=== REQUIRED WORK ===
All that is needed is the run of lines from the top of the entries to the line with "layer by layer", that line included, repeated exactly and free of pictures.

* * * *

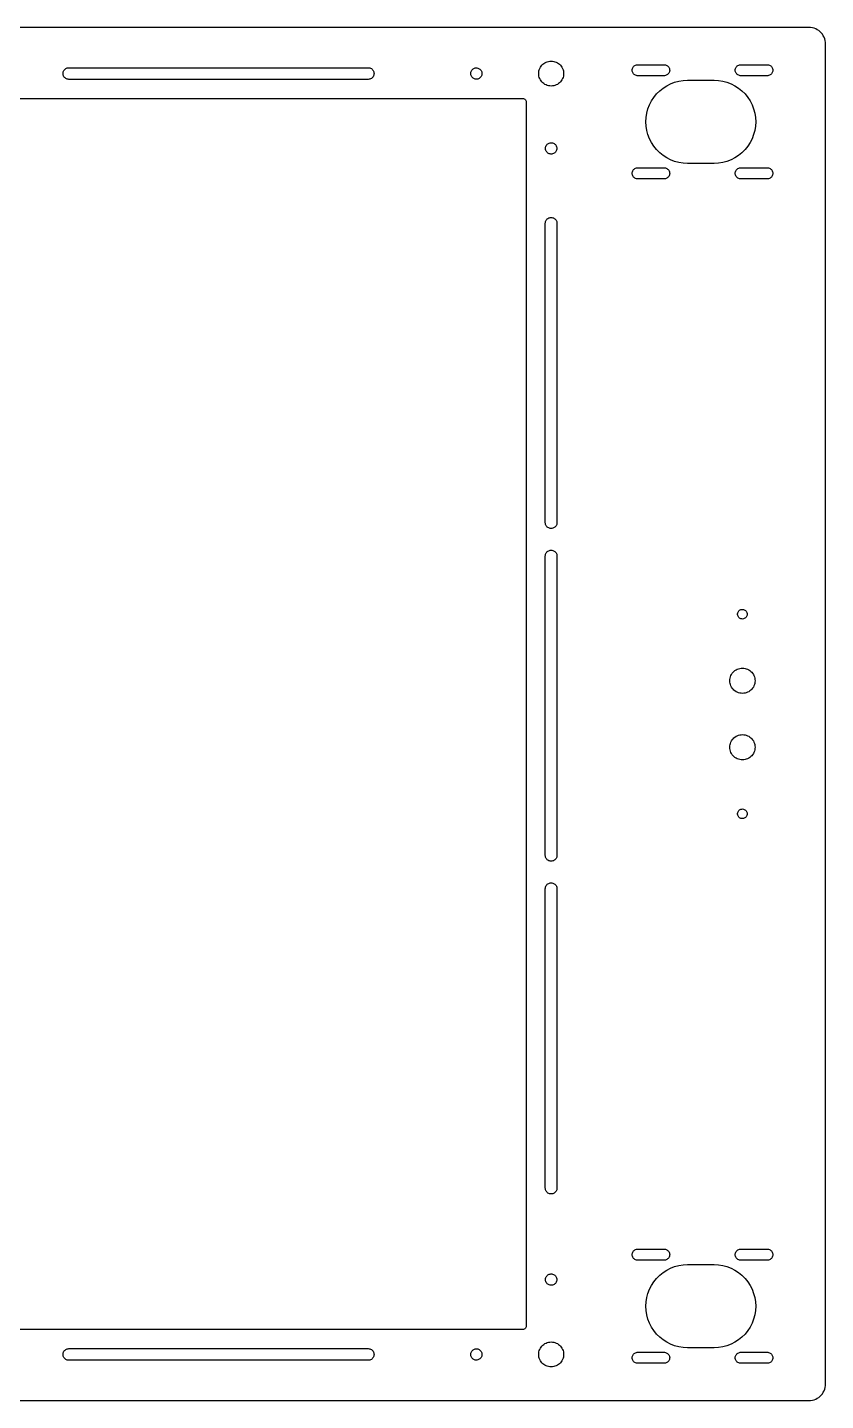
# Model space of a CAD drawing. Header units: metres. Extents: x -290 to 290, y -206 to 206.
# Drawn here: x 50 to 290, y -206.3 to 206.3 of the extents above; entities that cross this region are included whole.
import ezdxf

# ---------------------------------------------------------------- set-up
doc = ezdxf.new("R2010")
doc.units = ezdxf.units.M

msp = doc.modelspace()

# ---------------------------------------------------------------- linework, layer by layer
for p, q in [((285, 206.35), (-285, 206.35)), ((285.523, 206.323), (285, 206.35)), ((286.04, 206.241), (285.523, 206.323)), ((286.545, 206.105), (286.04, 206.241)), ((287.034, 205.918), (286.545, 206.105)), ((287.5, 205.68), (287.034, 205.918)), ((287.939, 205.395), (287.5, 205.68)), ((288.346, 205.066), (287.939, 205.395)), ((288.716, 204.696), (288.346, 205.066)), ((289.045, 204.289), (288.716, 204.696)), ((289.33, 203.85), (289.045, 204.289)), ((289.568, 203.384), (289.33, 203.85)), ((289.755, 202.895), (289.568, 203.384)), ((289.891, 202.39), (289.755, 202.895)), ((289.973, 201.873), (289.891, 202.39)), ((290, 201.35), (289.973, 201.873)), ((290, -201.35), (290, 201.35)), ((61.354, 193.823), (61.5539, 193.972)), ((61.5539, 193.972), (61.773, 194.092)), ((61.773, 194.092), (62.007, 194.179)), ((62.007, 194.179), (62.2509, 194.232)), ((62.2509, 194.232), (62.5, 194.25)), ((62.5, 194.25), (152.5, 194.25)), ((152.5, 194.25), (152.749, 194.232)), ((152.749, 194.232), (152.993, 194.179)), ((152.993, 194.179), (153.227, 194.092)), ((153.227, 194.092), (153.446, 193.972)), ((153.446, 193.972), (153.646, 193.823)), ((184.011, 193.883), (184.223, 194.012)), ((184.223, 194.012), (184.451, 194.109)), ((184.451, 194.109), (184.691, 194.172)), ((184.691, 194.172), (184.938, 194.199)), ((184.938, 194.199), (185.186, 194.19)), ((185.186, 194.19), (185.43, 194.145)), ((185.43, 194.145), (185.665, 194.065)), ((185.665, 194.065), (185.886, 193.951)), ((203.934, 193.659), (204.074, 194.025)), ((204.074, 194.025), (204.252, 194.375)), ((204.252, 194.375), (204.466, 194.704)), ((204.466, 194.704), (204.713, 195.009)), ((204.713, 195.009), (204.991, 195.287)), ((204.991, 195.287), (205.296, 195.534)), ((205.296, 195.534), (205.625, 195.748)), ((205.625, 195.748), (205.975, 195.926)), ((205.975, 195.926), (206.341, 196.066)), ((206.341, 196.066), (206.72, 196.168)), ((206.72, 196.168), (207.108, 196.229)), ((207.108, 196.229), (207.5, 196.25)), ((207.5, 196.25), (207.892, 196.229)), ((207.892, 196.229), (208.28, 196.168)), ((208.28, 196.168), (208.659, 196.066)), ((208.659, 196.066), (209.025, 195.926)), ((209.025, 195.926), (209.375, 195.748)), ((209.375, 195.748), (209.704, 195.534)), ((209.704, 195.534), (210.009, 195.287)), ((210.009, 195.287), (210.287, 195.009)), ((210.287, 195.009), (210.534, 194.704)), ((210.534, 194.704), (210.748, 194.375)), ((210.748, 194.375), (210.926, 194.025)), ((210.926, 194.025), (211.066, 193.659)), ((231.868, 193.746), (231.923, 193.986)), ((231.923, 193.986), (232.013, 194.216)), ((232.013, 194.216), (232.137, 194.429)), ((232.137, 194.429), (232.29, 194.622)), ((232.29, 194.622), (232.471, 194.79)), ((232.471, 194.79), (232.675, 194.929)), ((232.675, 194.929), (232.897, 195.036)), ((232.897, 195.036), (233.133, 195.109)), ((233.133, 195.109), (233.377, 195.145)), ((233.377, 195.145), (241.623, 195.145)), ((241.623, 195.145), (241.867, 195.109)), ((241.867, 195.109), (242.103, 195.036)), ((242.103, 195.036), (242.325, 194.929)), ((242.325, 194.929), (242.529, 194.79)), ((242.529, 194.79), (242.71, 194.622)), ((242.71, 194.622), (242.863, 194.429)), ((242.863, 194.429), (242.987, 194.216)), ((242.987, 194.216), (243.077, 193.986)), ((243.077, 193.986), (243.132, 193.746)), ((262.868, 193.746), (262.923, 193.986)), ((262.923, 193.986), (263.013, 194.216)), ((263.013, 194.216), (263.137, 194.429)), ((263.137, 194.429), (263.29, 194.622)), ((263.29, 194.622), (263.471, 194.79)), ((263.471, 194.79), (263.675, 194.929)), ((263.675, 194.929), (263.897, 195.036)), ((263.897, 195.036), (264.133, 195.109)), ((264.133, 195.109), (264.377, 195.145)), ((264.377, 195.145), (272.623, 195.145)), ((272.623, 195.145), (272.867, 195.109)), ((272.867, 195.109), (273.103, 195.036)), ((273.103, 195.036), (273.325, 194.929)), ((273.325, 194.929), (273.529, 194.79)), ((273.529, 194.79), (273.71, 194.622)), ((273.71, 194.622), (273.863, 194.429)), ((273.863, 194.429), (273.987, 194.216)), ((273.987, 194.216), (274.077, 193.986)), ((274.077, 193.986), (274.132, 193.746)), ((60.75, 192.5), (60.7678, 192.749)), ((60.7678, 192.251), (60.75, 192.5)), ((60.7678, 192.749), (60.8209, 192.993)), ((60.8209, 192.007), (60.7678, 192.251)), ((60.8209, 192.993), (60.9081, 193.227)), ((60.9081, 191.773), (60.8209, 192.007)), ((60.9081, 193.227), (61.0278, 193.446)), ((61.0278, 191.554), (60.9081, 191.773)), ((61.0278, 193.446), (61.1774, 193.646)), ((61.1774, 191.354), (61.0278, 191.554)), ((61.1774, 193.646), (61.354, 193.823)), ((61.354, 191.177), (61.1774, 191.354)), ((61.5539, 191.028), (61.354, 191.177)), ((61.773, 190.908), (61.5539, 191.028)), ((62.007, 190.821), (61.773, 190.908)), ((62.2509, 190.768), (62.007, 190.821)), ((62.5, 190.75), (62.2509, 190.768)), ((152.5, 190.75), (62.5, 190.75)), ((152.749, 190.768), (152.5, 190.75)), ((152.993, 190.821), (152.749, 190.768)), ((153.227, 190.908), (152.993, 190.821)), ((153.446, 191.028), (153.227, 190.908)), ((153.646, 191.177), (153.446, 191.028)), ((153.646, 193.823), (153.823, 193.646)), ((153.823, 191.354), (153.646, 191.177)), ((153.823, 193.646), (153.972, 193.446)), ((153.972, 191.554), (153.823, 191.354)), ((153.972, 193.446), (154.092, 193.227)), ((154.092, 191.773), (153.972, 191.554)), ((154.092, 193.227), (154.179, 192.993)), ((154.179, 192.007), (154.092, 191.773)), ((154.179, 192.993), (154.232, 192.749)), ((154.232, 192.251), (154.179, 192.007)), ((154.232, 192.749), (154.25, 192.5)), ((154.25, 192.5), (154.232, 192.251)), ((183.305, 192.624), (183.341, 192.87)), ((183.305, 192.376), (183.305, 192.624)), ((183.341, 192.13), (183.305, 192.376)), ((183.341, 192.87), (183.412, 193.107)), ((183.412, 191.893), (183.341, 192.13)), ((183.412, 193.107), (183.518, 193.332)), ((183.518, 191.668), (183.412, 191.893)), ((183.518, 193.332), (183.654, 193.539)), ((183.654, 191.461), (183.518, 191.668)), ((183.654, 193.539), (183.82, 193.724)), ((183.82, 191.276), (183.654, 191.461)), ((183.82, 193.724), (184.011, 193.883)), ((184.011, 191.117), (183.82, 191.276)), ((184.223, 190.988), (184.011, 191.117)), ((184.451, 190.891), (184.223, 190.988)), ((184.691, 190.828), (184.451, 190.891)), ((184.938, 190.801), (184.691, 190.828)), ((185.186, 190.81), (184.938, 190.801)), ((185.43, 190.855), (185.186, 190.81)), ((185.665, 190.935), (185.43, 190.855)), ((185.886, 191.049), (185.665, 190.935)), ((185.886, 193.951), (186.087, 193.807)), ((186.087, 191.193), (185.886, 191.049)), ((186.087, 193.807), (186.266, 193.634)), ((186.266, 191.366), (186.087, 191.193)), ((186.266, 193.634), (186.418, 193.438)), ((186.418, 191.562), (186.266, 191.366)), ((186.418, 193.438), (186.539, 193.222)), ((186.539, 191.778), (186.418, 191.562)), ((186.539, 193.222), (186.628, 192.99)), ((186.628, 192.01), (186.539, 191.778)), ((186.628, 192.99), (186.682, 192.748)), ((186.682, 192.252), (186.628, 192.01)), ((186.682, 192.748), (186.7, 192.5)), ((186.7, 192.5), (186.682, 192.252)), ((203.75, 192.5), (203.771, 192.892)), ((203.771, 192.108), (203.75, 192.5)), ((203.771, 192.892), (203.832, 193.28)), ((203.832, 191.72), (203.771, 192.108)), ((203.832, 193.28), (203.934, 193.659)), ((203.934, 191.341), (203.832, 191.72)), ((204.074, 190.975), (203.934, 191.341)), ((204.252, 190.625), (204.074, 190.975)), ((204.466, 190.296), (204.252, 190.625)), ((204.713, 189.991), (204.466, 190.296)), ((204.991, 189.713), (204.713, 189.991)), ((210.287, 189.991), (210.009, 189.713)), ((210.534, 190.296), (210.287, 189.991)), ((210.748, 190.625), (210.534, 190.296)), ((210.926, 190.975), (210.748, 190.625)), ((211.066, 191.341), (210.926, 190.975)), ((211.066, 193.659), (211.168, 193.28)), ((211.168, 191.72), (211.066, 191.341)), ((211.168, 193.28), (211.229, 192.892)), ((211.229, 192.108), (211.168, 191.72)), ((211.229, 192.892), (211.25, 192.5)), ((211.25, 192.5), (211.229, 192.108)), ((231.85, 193.5), (231.868, 193.746)), ((231.868, 193.254), (231.85, 193.5)), ((231.923, 193.014), (231.868, 193.254)), ((232.013, 192.784), (231.923, 193.014)), ((232.137, 192.571), (232.013, 192.784)), ((232.29, 192.378), (232.137, 192.571)), ((232.471, 192.21), (232.29, 192.378)), ((232.675, 192.071), (232.471, 192.21)), ((232.897, 191.964), (232.675, 192.071)), ((233.133, 191.891), (232.897, 191.964)), ((233.377, 191.855), (233.133, 191.891)), ((241.623, 191.855), (233.377, 191.855)), ((241.867, 191.891), (241.623, 191.855)), ((242.103, 191.964), (241.867, 191.891)), ((242.325, 192.071), (242.103, 191.964)), ((242.529, 192.21), (242.325, 192.071)), ((242.71, 192.378), (242.529, 192.21)), ((242.863, 192.571), (242.71, 192.378)), ((242.987, 192.784), (242.863, 192.571)), ((243.077, 193.014), (242.987, 192.784)), ((243.132, 193.254), (243.077, 193.014)), ((243.132, 193.746), (243.15, 193.5)), ((243.15, 193.5), (243.132, 193.254)), ((243.416, 189.419), (244.637, 189.888)), ((244.637, 189.888), (245.901, 190.227)), ((245.901, 190.227), (247.193, 190.432)), ((247.193, 190.432), (248.5, 190.5)), ((248.5, 190.5), (256.5, 190.5)), ((256.5, 190.5), (257.807, 190.432)), ((257.807, 190.432), (259.099, 190.227)), ((259.099, 190.227), (260.363, 189.888)), ((260.363, 189.888), (261.584, 189.419)), ((262.85, 193.5), (262.868, 193.746)), ((262.868, 193.254), (262.85, 193.5)), ((262.923, 193.014), (262.868, 193.254)), ((263.013, 192.784), (262.923, 193.014)), ((263.137, 192.571), (263.013, 192.784)), ((263.29, 192.378), (263.137, 192.571)), ((263.471, 192.21), (263.29, 192.378)), ((263.675, 192.071), (263.471, 192.21)), ((263.897, 191.964), (263.675, 192.071)), ((264.133, 191.891), (263.897, 191.964)), ((264.377, 191.855), (264.133, 191.891)), ((272.623, 191.855), (264.377, 191.855)), ((272.867, 191.891), (272.623, 191.855)), ((273.103, 191.964), (272.867, 191.891)), ((273.325, 192.071), (273.103, 191.964)), ((273.529, 192.21), (273.325, 192.071)), ((273.71, 192.378), (273.529, 192.21)), ((273.863, 192.571), (273.71, 192.378)), ((273.987, 192.784), (273.863, 192.571)), ((274.077, 193.014), (273.987, 192.784)), ((274.132, 193.254), (274.077, 193.014)), ((274.132, 193.746), (274.15, 193.5)), ((274.15, 193.5), (274.132, 193.254)), ((205.296, 189.466), (204.991, 189.713)), ((205.625, 189.252), (205.296, 189.466)), ((205.975, 189.074), (205.625, 189.252)), ((206.341, 188.934), (205.975, 189.074)), ((206.72, 188.832), (206.341, 188.934)), ((207.108, 188.771), (206.72, 188.832)), ((207.5, 188.75), (207.108, 188.771)), ((207.892, 188.771), (207.5, 188.75)), ((208.28, 188.832), (207.892, 188.771)), ((208.659, 188.934), (208.28, 188.832)), ((209.025, 189.074), (208.659, 188.934)), ((209.375, 189.252), (209.025, 189.074)), ((209.704, 189.466), (209.375, 189.252)), ((210.009, 189.713), (209.704, 189.466)), ((238.387, 185.347), (239.211, 186.364)), ((239.211, 186.364), (240.136, 187.289)), ((240.136, 187.289), (241.153, 188.113)), ((241.153, 188.113), (242.25, 188.825)), ((242.25, 188.825), (243.416, 189.419)), ((261.584, 189.419), (262.75, 188.825)), ((262.75, 188.825), (263.847, 188.113)), ((263.847, 188.113), (264.864, 187.289)), ((264.864, 187.289), (265.789, 186.364)), ((265.789, 186.364), (266.613, 185.347)), ((-199, 185), (199, 185)), ((199, 185), (199.223, 184.975)), ((199.223, 184.975), (199.434, 184.901)), ((199.434, 184.901), (199.623, 184.782)), ((199.623, 184.782), (199.782, 184.623)), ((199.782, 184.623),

* * * *

=== ANSWER AREA ===
# Model space of a CAD drawing. Header units: metres. Extents: x -290 to 290, y -206 to 206.
# Drawn here: x 50 to 290, y -206.3 to 206.3 of the extents above; entities that cross this region are included whole.
import ezdxf

# ---------------------------------------------------------------- set-up
doc = ezdxf.new("R2010")
doc.units = ezdxf.units.M

msp = doc.modelspace()

# ---------------------------------------------------------------- linework, layer by layer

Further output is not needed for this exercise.